Renovascular Hypertension

Saturday, May 15th, 2010

Increase in acute or chronic systemic values of the PA produced partial or complete occlusion of one or both renal arteries or their branches often correctable by surgery or percutaneous transluminal angioplasty.

Stenosis or occlusion of one or both main renal arteries or accessory renal artery or its branches may cause hypertension by stimulating the release of the enzyme renin by the juxtaglomerular cells of the kidney in question. The cross-sectional area of the lumen must be reduced by 70% before the stenosis is hemodynamically significant.

The most common cause of renal artery stenosis in patients> 50 years of age (usually men) is atherosclerosis, in younger patients (usually women), is one form of fibrous dysplasia. Rare causes of renal artery stenosis or obstruction are emboli, trauma, inadvertent ligation during surgery and extrinsic compression of the renal pedicle by a tumor.

Although renovascular disease represents the most frequent cause of curable hypertension (probably with the exception of female hormonal contraceptive therapy and excessive ingestion of ethanol), it explains <2% of all cases of hypertension.
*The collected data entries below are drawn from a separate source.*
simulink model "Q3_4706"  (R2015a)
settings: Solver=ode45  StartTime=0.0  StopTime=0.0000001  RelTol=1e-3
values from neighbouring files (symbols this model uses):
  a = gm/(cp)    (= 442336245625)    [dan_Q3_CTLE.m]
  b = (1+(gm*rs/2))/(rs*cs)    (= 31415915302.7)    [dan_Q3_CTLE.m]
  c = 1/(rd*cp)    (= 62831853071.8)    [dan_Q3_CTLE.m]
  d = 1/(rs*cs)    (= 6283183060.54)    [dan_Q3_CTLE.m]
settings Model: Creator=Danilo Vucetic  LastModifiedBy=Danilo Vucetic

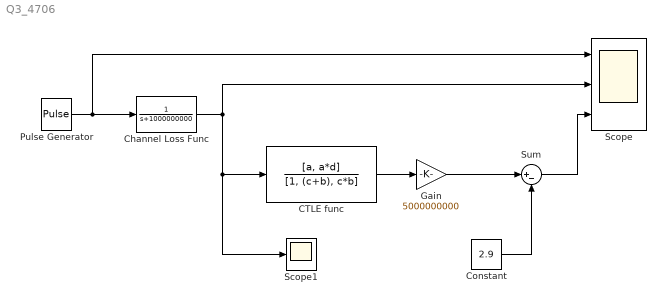
== system Q3_4706 ==
  CTLE func : TransferFcn  Numerator=[a, a*d]  Denominator=[1, (c+b), c*b]
  Channel Loss Func : TransferFcn  Denominator=[1 1000000000]
  Constant : Constant  Value=2.9
  Gain : Gain  Gain=5000000000
  Pulse Generator : DiscretePulseGenerator  PulseType=Time based  Period=0.0000000001  PulseWidth=50
  Scope : Scope  NumInputPorts=3
      settings: YMin=0~-5~-5  YMax=550000~5~5
  Scope1 : Scope
  Sum : Sum  Inputs=|+-
  wires:
  Pulse Generator/1 -> Scope/1, Channel Loss Func/1
  Channel Loss Func/1 -> Scope1/1, CTLE func/1, Scope/2
  Gain/1 -> Sum/1
  Sum/1 -> Scope/3
  Constant/1 -> Sum/2
  CTLE func/1 -> Gain/1
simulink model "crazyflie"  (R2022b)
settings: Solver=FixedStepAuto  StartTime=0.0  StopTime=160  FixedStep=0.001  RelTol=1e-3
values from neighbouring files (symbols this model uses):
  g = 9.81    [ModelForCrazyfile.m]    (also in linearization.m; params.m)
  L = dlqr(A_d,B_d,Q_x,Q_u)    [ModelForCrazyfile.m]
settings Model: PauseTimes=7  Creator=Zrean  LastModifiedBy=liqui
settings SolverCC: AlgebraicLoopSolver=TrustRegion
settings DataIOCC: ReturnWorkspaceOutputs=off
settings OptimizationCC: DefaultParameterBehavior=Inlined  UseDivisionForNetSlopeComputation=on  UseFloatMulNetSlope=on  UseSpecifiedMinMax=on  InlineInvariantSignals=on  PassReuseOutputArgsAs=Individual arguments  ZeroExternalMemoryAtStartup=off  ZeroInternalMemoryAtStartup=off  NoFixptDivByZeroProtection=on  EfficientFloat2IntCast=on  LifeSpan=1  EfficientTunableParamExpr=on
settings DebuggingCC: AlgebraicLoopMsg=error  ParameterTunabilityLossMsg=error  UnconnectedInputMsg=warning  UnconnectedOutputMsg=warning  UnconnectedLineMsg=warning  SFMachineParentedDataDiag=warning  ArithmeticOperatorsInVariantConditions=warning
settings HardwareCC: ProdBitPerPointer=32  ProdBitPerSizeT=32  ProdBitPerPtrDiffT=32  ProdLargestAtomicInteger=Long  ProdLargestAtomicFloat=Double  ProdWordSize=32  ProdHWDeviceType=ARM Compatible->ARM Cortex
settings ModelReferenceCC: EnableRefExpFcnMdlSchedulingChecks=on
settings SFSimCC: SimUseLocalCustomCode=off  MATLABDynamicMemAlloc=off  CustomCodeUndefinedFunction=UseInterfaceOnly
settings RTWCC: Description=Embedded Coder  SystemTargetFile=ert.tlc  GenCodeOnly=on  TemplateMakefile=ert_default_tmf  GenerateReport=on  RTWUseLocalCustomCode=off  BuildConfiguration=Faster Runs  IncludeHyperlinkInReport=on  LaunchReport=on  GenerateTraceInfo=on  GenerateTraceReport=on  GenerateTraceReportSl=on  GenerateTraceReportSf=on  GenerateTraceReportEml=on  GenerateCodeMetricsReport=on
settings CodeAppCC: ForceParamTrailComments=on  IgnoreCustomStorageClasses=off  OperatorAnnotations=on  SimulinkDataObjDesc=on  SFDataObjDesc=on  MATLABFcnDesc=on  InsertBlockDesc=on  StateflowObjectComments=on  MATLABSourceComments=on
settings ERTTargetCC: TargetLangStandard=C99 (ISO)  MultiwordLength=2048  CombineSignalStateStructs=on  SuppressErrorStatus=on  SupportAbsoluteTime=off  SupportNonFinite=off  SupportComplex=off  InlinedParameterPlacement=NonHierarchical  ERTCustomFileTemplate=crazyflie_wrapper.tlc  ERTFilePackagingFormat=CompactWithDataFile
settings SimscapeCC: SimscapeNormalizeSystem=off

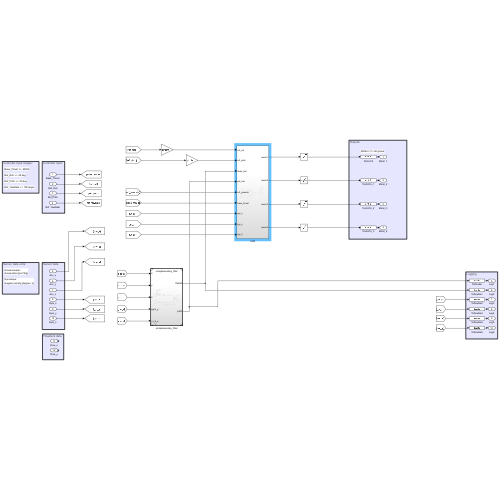
[thumbnail: Simulink's stored preview of the top-level diagram]
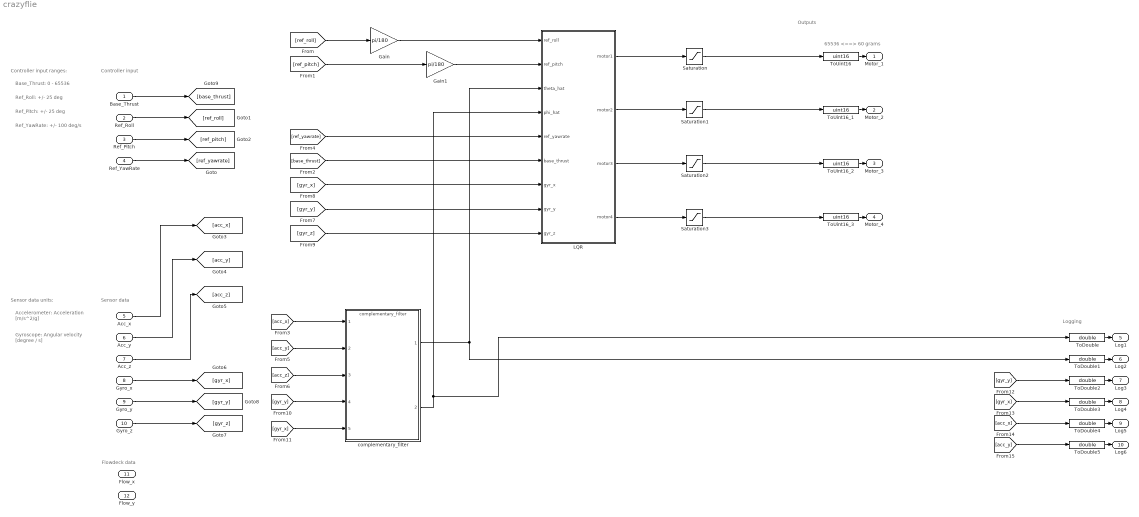
== system crazyflie ==
  note: 65536 <==> 60 grams
  note: Logging
  note: Outputs
  note: Sensor data
  note: Controller input
  note: Ref_Roll: +/- 25 deg
  note: Base_Thrust: 0 - 65536
  note: Ref_Pitch: +/- 25 deg
  note: Ref_YawRate: +/- 100 deg/s
  note: Controller input ranges:
  note: Gyroscope:
      | Angular velocity [degree / s]
  note: Accelerometer:
      | Acceleration [m/s^2/g]
  note: Sensor data units:
  note: Flowdeck data
  Base_Thrust : Inport  OutDataTypeStr=double
  Ref_Roll : Inport  Port=2  OutDataTypeStr=double
  Ref_Pitch : Inport  Port=3  OutDataTypeStr=double
  Ref_YawRate : Inport  Port=4  OutDataTypeStr=double
  Acc_x : Inport  Port=5  OutDataTypeStr=double  PortDimensions=1
  Acc_y : Inport  Port=6  OutDataTypeStr=double  PortDimensions=1
  Acc_z : Inport  Port=7  OutDataTypeStr=double  PortDimensions=1
  Gyro_x : Inport  Port=8  OutDataTypeStr=double  PortDimensions=1
  Gyro_y : Inport  Port=9  OutDataTypeStr=double  PortDimensions=1
  Gyro_z : Inport  Port=10  OutDataTypeStr=double  PortDimensions=1
  Flow_x : Inport  Port=11  OutDataTypeStr=int16  PortDimensions=1
  Flow_y : Inport  Port=12  OutDataTypeStr=int16  PortDimensions=1
  Gain : Gain  Gain=pi/180
  Gain1 : Gain  Gain=pi/180
  LQR : Subsystem
  Saturation{,1..3} (4 alike) : Saturate  UpperLimit=65536  LowerLimit=0
  ToDouble{,1..5} (6 alike) : DataTypeConversion  OutDataTypeStr=double  RndMeth=Floor
  ToUint16 : DataTypeConversion  OutDataTypeStr=uint16  RndMeth=Floor
  ToUint16_1 : DataTypeConversion  OutDataTypeStr=uint16  RndMeth=Floor
  ToUint16_2 : DataTypeConversion  OutDataTypeStr=uint16  RndMeth=Floor
  ToUint16_3 : DataTypeConversion  OutDataTypeStr=uint16  RndMeth=Floor
  complementary_filter : ModelReference  ModelNameDialog=complementary_filter.slx  SimulationMode=Normal  ModelReferenceVersion=1.7
  Motor_1 : Outport  OutDataTypeStr=uint16  VectorParamsAs1DForOutWhenUnconnected=off  LockScale=on
  Motor_2 : Outport  Port=2  OutDataTypeStr=uint16  VectorParamsAs1DForOutWhenUnconnected=off  LockScale=on
  Motor_3 : Outport  Port=3  OutDataTypeStr=uint16  VectorParamsAs1DForOutWhenUnconnected=off  LockScale=on
  Motor_4 : Outport  Port=4  OutDataTypeStr=uint16  VectorParamsAs1DForOutWhenUnconnected=off  LockScale=on
  Log1 : Outport  Port=5  OutDataTypeStr=double  VectorParamsAs1DForOutWhenUnconnected=off
  Log2 : Outport  Port=6  OutDataTypeStr=double  VectorParamsAs1DForOutWhenUnconnected=off
  Log3 : Outport  Port=7  OutDataTypeStr=double  VectorParamsAs1DForOutWhenUnconnected=off
  Log4 : Outport  Port=8  OutDataTypeStr=double  VectorParamsAs1DForOutWhenUnconnected=off
  Log5 : Outport  Port=9  OutDataTypeStr=double  VectorParamsAs1DForOutWhenUnconnected=off
  Log6 : Outport  Port=10  OutDataTypeStr=double  VectorParamsAs1DForOutWhenUnconnected=off
  wires:
  ToUint16/1 -> Motor_1/1
  ToUint16_1/1 -> Motor_2/1
  ToUint16_2/1 -> Motor_3/1
  ToUint16_3/1 -> Motor_4/1
  ToDouble/1 -> Log1/1
  ToDouble1/1 -> Log2/1
  ToDouble2/1 -> Log3/1
  ToDouble3/1 -> Log4/1
  ToDouble4/1 -> Log5/1
  ToDouble5/1 -> Log6/1
  Acc_x/1 -> [acc_x]
  Acc_y/1 -> [acc_y]
  Acc_z/1 -> [acc_z]
  Gyro_x/1 -> [gyr_x]
  Gyro_y/1 -> [gyr_y]
  Ref_YawRate/1 -> [ref_yawrate]
  Ref_Pitch/1 -> [ref_pitch]
  Ref_Roll/1 -> [ref_roll]
  Gyro_z/1 -> [gyr_z]
  [ref_pitch] -> Gain1/1
  [ref_yawrate] -> LQR/5(ref_yawrate)
  [gyr_x] -> LQR/7(gyr_x)
  [gyr_y] -> LQR/8(gyr_y)
  [gyr_z] -> LQR/9(gyr_z)
  Base_Thrust/1 -> [base_thrust]
  [base_thrust] -> LQR/6(base_thrust)
  LQR/1(motor1) -> Saturation/1
  Saturation/1 -> ToUint16/1
  LQR/2(motor2) -> Saturation1/1
  Saturation1/1 -> ToUint16_1/1
  LQR/3(motor3) -> Saturation2/1
  Saturation2/1 -> ToUint16_2/1
  Saturation3/1 -> ToUint16_3/1
  LQR/4(motor4) -> Saturation3/1
  [acc_x] -> complementary_filter/1
  complementary_filter/1 -> LQR/3(theta_hat), ToDouble1/1
  complementary_filter/2 -> ToDouble/1, LQR/4(phi_hat)
  [acc_y] -> complementary_filter/2
  [gyr_x] -> complementary_filter/5
  [acc_z] -> complementary_filter/3
  [gyr_y] -> ToDouble2/1
  [gyr_x] -> ToDouble3/1
  [acc_x] -> ToDouble4/1
  [acc_y] -> ToDouble5/1
  [gyr_y] -> complementary_filter/4
  Gain/1 -> LQR/1(ref_roll)
  Gain1/1 -> LQR/2(ref_pitch)
  [ref_roll] -> Gain/1

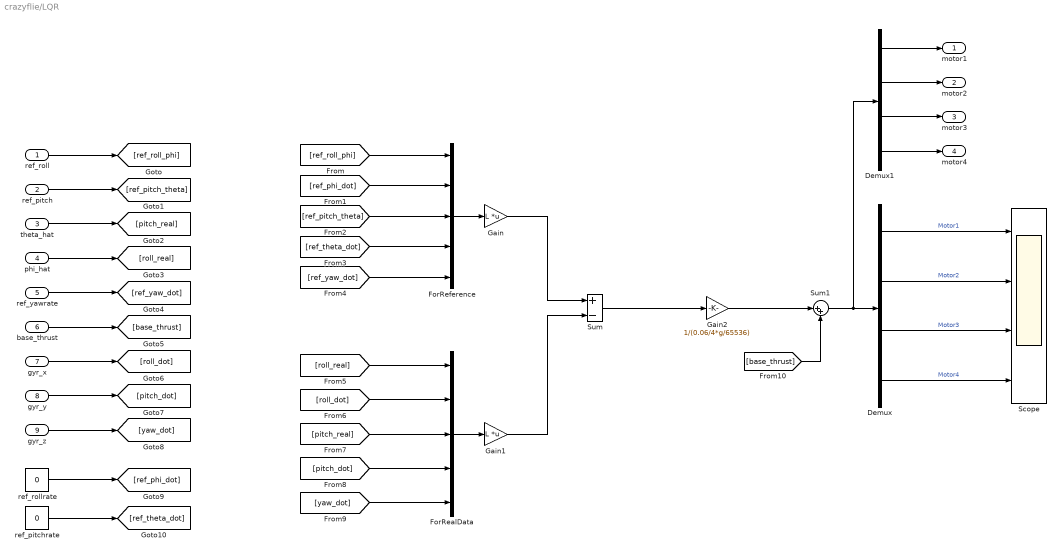
== system crazyflie/LQR ==
  ref_roll : Inport
  ref_pitch : Inport  Port=2
  theta_hat : Inport  Port=3
  phi_hat : Inport  Port=4
  ref_yawrate : Inport  Port=5
  base_thrust : Inport  Port=6
  gyr_x : Inport  Port=7
  gyr_y : Inport  Port=8
  gyr_z : Inport  Port=9
  Demux : Demux
  Demux1 : Demux
  ForRealData : Mux  Inputs=5
  ForReference : Mux  Inputs=5
  Gain : Gain  Gain=L  Multiplication=Matrix(K*u)
  Gain1 : Gain  Gain=L  Multiplication=Matrix(K*u)
  Gain2 : Gain  Gain=1/(0.06/4*g/65536)
  Scope : Scope  NumInputPorts=4
  Sum : Sum  Inputs=+-
  Sum1 : Sum  Inputs=|++
  ref_pitchrate : Constant  Value=0
  ref_rollrate : Constant  Value=0
  motor1 : Outport
  motor2 : Outport  Port=2
  motor3 : Outport  Port=3
  motor4 : Outport  Port=4
  wires:
  ref_roll/1 -> [ref_roll_phi]
  ref_pitch/1 -> [ref_pitch_theta]
  theta_hat/1 -> [pitch_real]
  phi_hat/1 -> [roll_real]
  ref_yawrate/1 -> [ref_yaw_dot]
  base_thrust/1 -> [base_thrust]
  [ref_roll_phi] -> ForReference/1
  ref_rollrate/1 -> [ref_phi_dot]
  ref_pitchrate/1 -> [ref_theta_dot]
  gyr_x/1 -> [roll_dot]
  gyr_y/1 -> [pitch_dot]
  gyr_z/1 -> [yaw_dot]
  [ref_phi_dot] -> ForReference/2
  [ref_pitch_theta] -> ForReference/3
  [ref_theta_dot] -> ForReference/4
  [ref_yaw_dot] -> ForReference/5
  [roll_real] -> ForRealData/1
  [pitch_real] -> ForRealData/3
  [roll_dot] -> ForRealData/2
  [pitch_dot] -> ForRealData/4
  [yaw_dot] -> ForRealData/5
  ForReference/1 -> Gain/1
  ForRealData/1 -> Gain1/1
  Demux1/1 -> motor1/1
  Demux1/2 -> motor2/1
  Demux1/3 -> motor3/1
  Demux1/4 -> motor4/1
  Demux/1 -> Scope/1  "Motor1"
  Demux/2 -> Scope/2  "Motor2"
  Demux/3 -> Scope/3  "Motor3"
  Demux/4 -> Scope/4  "Motor4"
  Sum/1 -> Gain2/1
  Sum1/1 -> Demux1/1, Demux/1
  [base_thrust] -> Sum1/2
  Gain1/1 -> Sum/2
  Gain2/1 -> Sum1/1
  Gain/1 -> Sum/1

Symptoms, signs and diagnosis
Renovascular hypertension should be suspected when diastolic hypertension appears in patients <30 or> 55 years of age or when a previously stable hypertension worsen suddenly. The rapid evolution towards malignant hypertension within 6 months suggests arterial impairment. A systolic-diastolic epigastric vascular murmur, usually sent to one or both upper abdomen and sometimes the spine, is a goal almost pathognomonic finding, but unfortunately is absent in about 50% of patients with forms of fibrous dysplasia and is detected rarely in patients with atherosclerotic renovascular basis. (more…)

ANGINA

Friday, November 21st, 2008

Definition

All chest pain event related to a “narrowing of the size” of one or more coronary arteries. The coronary arteries are the arteries that supply blood to the heart muscle.

Clinical Data

Clinical examination was unremarkable.
The resting ECG was completely normal except for a painful crisis.
Any interrogation can find angina:
with chest pain to left arm
to pain on exertion and rest
pain in 3 to 4 minutes,
took to heart in a vise.

Pathophysiology

Suffering infarction: ischemia is associated with a mismatch between needs and the oxygen supply of heart muscle:
is the input can not increase in proportion to needs: angina of effort
is in constant need, contributions are reduced: spastic angina.
The decrease in arterial size is secondary to a “collection” by atherosclerotic plaques. (more…)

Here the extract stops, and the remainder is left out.